Task description =>
With pictures removed, output every record below exactly as written.

----------------------------------------

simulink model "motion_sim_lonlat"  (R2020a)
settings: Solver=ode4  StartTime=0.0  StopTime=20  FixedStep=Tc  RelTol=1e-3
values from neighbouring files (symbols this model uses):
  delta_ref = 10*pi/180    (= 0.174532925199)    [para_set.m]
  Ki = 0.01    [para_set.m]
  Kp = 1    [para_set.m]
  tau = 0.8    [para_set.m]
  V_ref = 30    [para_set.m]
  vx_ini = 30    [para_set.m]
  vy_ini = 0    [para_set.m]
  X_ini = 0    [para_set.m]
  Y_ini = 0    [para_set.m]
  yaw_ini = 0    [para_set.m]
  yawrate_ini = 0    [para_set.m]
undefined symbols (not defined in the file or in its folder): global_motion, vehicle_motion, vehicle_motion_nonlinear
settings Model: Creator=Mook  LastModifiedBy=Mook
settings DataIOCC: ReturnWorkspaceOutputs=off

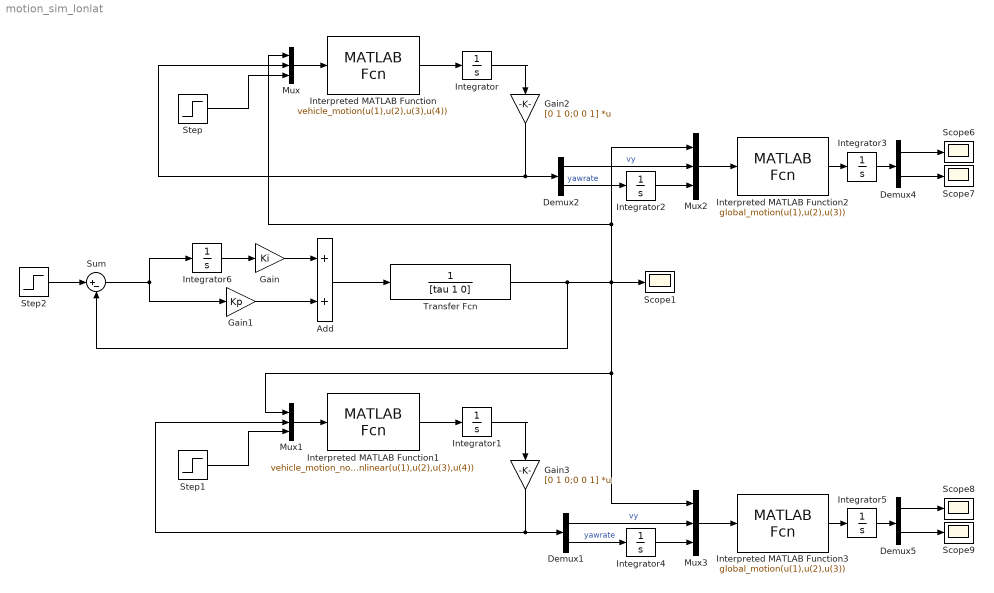
== system motion_sim_lonlat ==
  Add : Sum
  Demux{1..2,4..5} (4 alike) : Demux  Outputs=2
  Gain : Gain  Gain=Ki
  Gain1 : Gain  Gain=Kp
  Gain2 : Gain  Gain=[0 1 0;0 0 1]  Multiplication=Matrix(K*u)
  Gain3 : Gain  Gain=[0 1 0;0 0 1]  Multiplication=Matrix(K*u)
  Integrator : Integrator  InitialCondition=[vx_ini; vy_ini; yawrate_ini]
  Integrator1 : Integrator  InitialCondition=[vx_ini vy_ini yawrate_ini]
  Integrator2 : Integrator  InitialCondition=[yaw_ini]
  Integrator3 : Integrator  InitialCondition=[X_ini Y_ini]
  Integrator4 : Integrator  InitialCondition=[yaw_ini]
  Integrator5 : Integrator  InitialCondition=[X_ini Y_ini]
  Integrator6 : Integrator
  Interpreted MATLAB Function : MATLABFcn  MATLABFcn=vehicle_motion(u(1),u(2),u(3),u(4))  OutputDimensions=3
  Interpreted MATLAB Function1 : MATLABFcn  MATLABFcn=vehicle_motion_nonlinear(u(1),u(2),u(3),u(4))  OutputDimensions=3
  Interpreted MATLAB Function2 : MATLABFcn  MATLABFcn=global_motion(u(1),u(2),u(3))  OutputDimensions=2
  Interpreted MATLAB Function3 : MATLABFcn  MATLABFcn=global_motion(u(1),u(2),u(3))  OutputDimensions=2
  Mux{,1..3} (4 alike) : Mux  Inputs=3
  Scope{1,6..9} (5 alike) : Scope
  Step : Step  Time=2  After=delta_ref  SampleTime=0
  Step1 : Step  Time=2  After=delta_ref  SampleTime=0
  Step2 : Step  Time=10  Before=5  After=V_ref  SampleTime=0
  Sum : Sum  Inputs=|+-
  Transfer Fcn : TransferFcn  Denominator=[tau 1 0]
  wires:
  Mux/1 -> Interpreted MATLAB Function/1
  Interpreted MATLAB Function/1 -> Integrator/1
  Integrator/1 -> Gain2/1
  Interpreted MATLAB Function1/1 -> Integrator1/1
  Integrator1/1 -> Gain3/1
  Mux1/1 -> Interpreted MATLAB Function1/1
  Integrator2/1 -> Mux2/3
  Mux2/1 -> Interpreted MATLAB Function2/1
  Interpreted MATLAB Function2/1 -> Integrator3/1
  Integrator3/1 -> Demux4/1
  Demux1/2 -> Integrator4/1  "yawrate"
  Mux3/1 -> Interpreted MATLAB Function3/1
  Integrator5/1 -> Demux5/1
  Integrator4/1 -> Mux3/3
  Interpreted MATLAB Function3/1 -> Integrator5/1
  Demux1/1 -> Mux3/2  "vy"
  Demux4/1 -> Scope6/1
  Demux4/2 -> Scope7/1
  Demux5/1 -> Scope8/1
  Demux5/2 -> Scope9/1
  Integrator6/1 -> Gain/1
  Gain1/1 -> Add/2
  Gain/1 -> Add/1
  Add/1 -> Transfer Fcn/1
  Sum/1 -> Gain1/1, Integrator6/1
  Step2/1 -> Sum/1
  Transfer Fcn/1 -> Sum/2, Mux1/1, Mux3/1, Mux/1, Mux2/1, Scope1/1
  Step1/1 -> Mux1/3
  Step/1 -> Mux/3
  Demux2/1 -> Mux2/2  "vy"
  Demux2/2 -> Integrator2/1  "yawrate"
  Gain2/1 -> Demux2/1, Mux/2
  Gain3/1 -> Demux1/1, Mux1/2

----------------------------------------

Task response =>
simulink model "motion_sim_lonlat"  (R2020a)
settings: Solver=ode4  StartTime=0.0  StopTime=20  FixedStep=Tc  RelTol=1e-3
values from neighbouring files (symbols this model uses):
  delta_ref = 10*pi/180    (= 0.174532925199)    [para_set.m]
  Ki = 0.01    [para_set.m]
  Kp = 1    [para_set.m]
  tau = 0.8    [para_set.m]
  V_ref = 30    [para_set.m]
  vx_ini = 30    [para_set.m]
  vy_ini = 0    [para_set.m]
  X_ini = 0    [para_set.m]
  Y_ini = 0    [para_set.m]
  yaw_ini = 0    [para_set.m]
  yawrate_ini = 0    [para_set.m]
undefined symbols (not defined in the file or in its folder): global_motion, vehicle_motion, vehicle_motion_nonlinear
settings Model: Creator=Mook  LastModifiedBy=Mook
settings DataIOCC: ReturnWorkspaceOutputs=off

== system motion_sim_lonlat ==
  Add : Sum
  Demux{1..2,4..5} (4 alike) : Demux  Outputs=2
  Gain : Gain  Gain=Ki
  Gain1 : Gain  Gain=Kp
  Gain2 : Gain  Gain=[0 1 0;0 0 1]  Multiplication=Matrix(K*u)
  Gain3 : Gain  Gain=[0 1 0;0 0 1]  Multiplication=Matrix(K*u)
  Integrator : Integrator  InitialCondition=[vx_ini; vy_ini; yawrate_ini]
  Integrator1 : Integrator  InitialCondition=[vx_ini vy_ini yawrate_ini]
  Integrator2 : Integrator  InitialCondition=[yaw_ini]
  Integrator3 : Integrator  InitialCondition=[X_ini Y_ini]
  Integrator4 : Integrator  InitialCondition=[yaw_ini]
  Integrator5 : Integrator  InitialCondition=[X_ini Y_ini]
  Integrator6 : Integrator
  Interpreted MATLAB Function : MATLABFcn  MATLABFcn=vehicle_motion(u(1),u(2),u(3),u(4))  OutputDimensions=3
  Interpreted MATLAB Function1 : MATLABFcn  MATLABFcn=vehicle_motion_nonlinear(u(1),u(2),u(3),u(4))  OutputDimensions=3
  Interpreted MATLAB Function2 : MATLABFcn  MATLABFcn=global_motion(u(1),u(2),u(3))  OutputDimensions=2
  Interpreted MATLAB Function3 : MATLABFcn  MATLABFcn=global_motion(u(1),u(2),u(3))  OutputDimensions=2
  Mux{,1..3} (4 alike) : Mux  Inputs=3
  Scope{1,6..9} (5 alike) : Scope
  Step : Step  Time=2  After=delta_ref  SampleTime=0
  Step1 : Step  Time=2  After=delta_ref  SampleTime=0
  Step2 : Step  Time=10  Before=5  After=V_ref  SampleTime=0
  Sum : Sum  Inputs=|+-
  Transfer Fcn : TransferFcn  Denominator=[tau 1 0]
  wires:
  Mux/1 -> Interpreted MATLAB Function/1
  Interpreted MATLAB Function/1 -> Integrator/1
  Integrator/1 -> Gain2/1
  Interpreted MATLAB Function1/1 -> Integrator1/1
  Integrator1/1 -> Gain3/1
  Mux1/1 -> Interpreted MATLAB Function1/1
  Integrator2/1 -> Mux2/3
  Mux2/1 -> Interpreted MATLAB Function2/1
  Interpreted MATLAB Function2/1 -> Integrator3/1
  Integrator3/1 -> Demux4/1
  Demux1/2 -> Integrator4/1  "yawrate"
  Mux3/1 -> Interpreted MATLAB Function3/1
  Integrator5/1 -> Demux5/1
  Integrator4/1 -> Mux3/3
  Interpreted MATLAB Function3/1 -> Integrator5/1
  Demux1/1 -> Mux3/2  "vy"
  Demux4/1 -> Scope6/1
  Demux4/2 -> Scope7/1
  Demux5/1 -> Scope8/1
  Demux5/2 -> Scope9/1
  Integrator6/1 -> Gain/1
  Gain1/1 -> Add/2
  Gain/1 -> Add/1
  Add/1 -> Transfer Fcn/1
  Sum/1 -> Gain1/1, Integrator6/1
  Step2/1 -> Sum/1
  Transfer Fcn/1 -> Sum/2, Mux1/1, Mux3/1, Mux/1, Mux2/1, Scope1/1
  Step1/1 -> Mux1/3
  Step/1 -> Mux/3
  Demux2/1 -> Mux2/2  "vy"
  Demux2/2 -> Integrator2/1  "yawrate"
  Gain2/1 -> Demux2/1, Mux/2
  Gain3/1 -> Demux1/1, Mux1/2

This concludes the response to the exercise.